Pada beberapa patung terkesan retak. Tak halus-halus amat. Justru disana kian kuat rasa dan kesan tangguh. Mungkin karena pembuatnya, Endang Lestari, lahir besar di Tanah Rencong. Aceh.

Read More

Karya berjudul “Miopmic Series” itu jadi bagian dari pameran tunggal Endang Lestari. Digelar di Soboman 219 Art Space Yogyakarta, 18 Juli -27 Agustus 2021. Total ada 13 karya keramik dan drawing dia pamerkan.

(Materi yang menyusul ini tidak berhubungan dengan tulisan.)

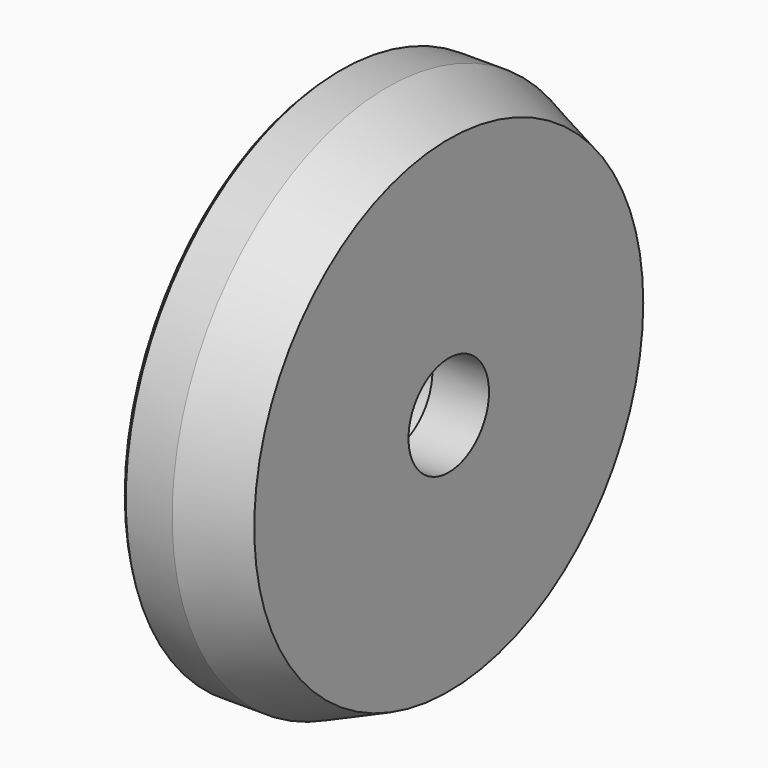
from build123d import *

# Parameters (mm, degrees)
F0_R           = 60.325
F1_DEPTH       = 25.4
F2_SIZE        = 1.143
F4_D           = 22.606
F4_CBORE_D     = 38.1
F4_CBORE_DEPTH = 12.7


# Not quite as in the source:
# - a fillet or chamfer that OpenCascade refuses, or shapes differently, is made with other operations: its cross-section is extruded or revolved along the edge and cut away or added


with BuildPart() as f1:
    # F0 (on Right) → F1 (new body)
    with BuildSketch(Plane.YZ):
        Circle(F0_R)
    extrude(amount=-F1_DEPTH)

    # F2
    f2_edges = [f1.edges().sort_by_distance(p)[0] for p in [
        (-25.4, -60.325, 0),
        (-12.7, 60.325, 0),
        (0, -60.325, 0),
    ]]
    chamfer(f2_edges, length=F2_SIZE)

    # F4 (through all)
    with Locations(Plane(origin=(-25.4, 0, 0), x_dir=(0, -1, 0), z_dir=(-1, 0, 0))):
        with Locations((0, 0)):
            CounterBoreHole(F4_D / 2, F4_CBORE_D / 2, F4_CBORE_DEPTH)

    # F5: chamfer of 12.7 on 1 edges, made by hand

    # F5_s1 → F5_t2 (revolve, cut)
    with BuildSketch(Plane.XY):
        Polygon((-13.843, 60.325), (7.8372561211, 51.3447438789), (-1.143, 60.325), align=None)
    revolve(axis=Axis((-1.143, 0, 0), (1, 0, 0)), mode=Mode.SUBTRACT)


solid = f1.part

Endang mengaku tak sengaja membuat anatomi patung perempuan Melanesia itu. Semua terjadi naluriah saja. Ikut mau jemari tangannya saat memahat tanah liat. Sebelum dibakar jadi keramik. Tapi tentu saja dia punya maksud.

Papua
Milker Stone, salah satu karya Endang Lestari yang berbicara tentang spritiualitas. Foto. Jubi/Syam Terrajana

Lewat karya itu, Endang ingin menampilkan sosok-sosok perempuan tangguh dan terpinggirkan. Siapapun dan dimana saja dia berada. “Mungkin karena aku tipe yang agak pendiam juga introvert. Jadi dalam keseharianku aku mengagumi perempuan yang lebih banyak tindak nyata. Bertindak dalam senyap. Berontak dalam diam. Diam bukan karena dibekap tapi karena sikap,” ujarnya kepada Jubi pada pembukaan pamerannya, Minggu, 18 Juli 2021.

Pengalamannya mengunjungi beberapa tempat di Indonesia, dia melihat banyak perempuan lebih bekerja keras dari lelaki. “Di Aceh kulihat lelaki lebih banyak di warung kopi, sementara perempuan melakukan banyak hal untuk keluarga dan kelangsungan hidup,” ujarnya.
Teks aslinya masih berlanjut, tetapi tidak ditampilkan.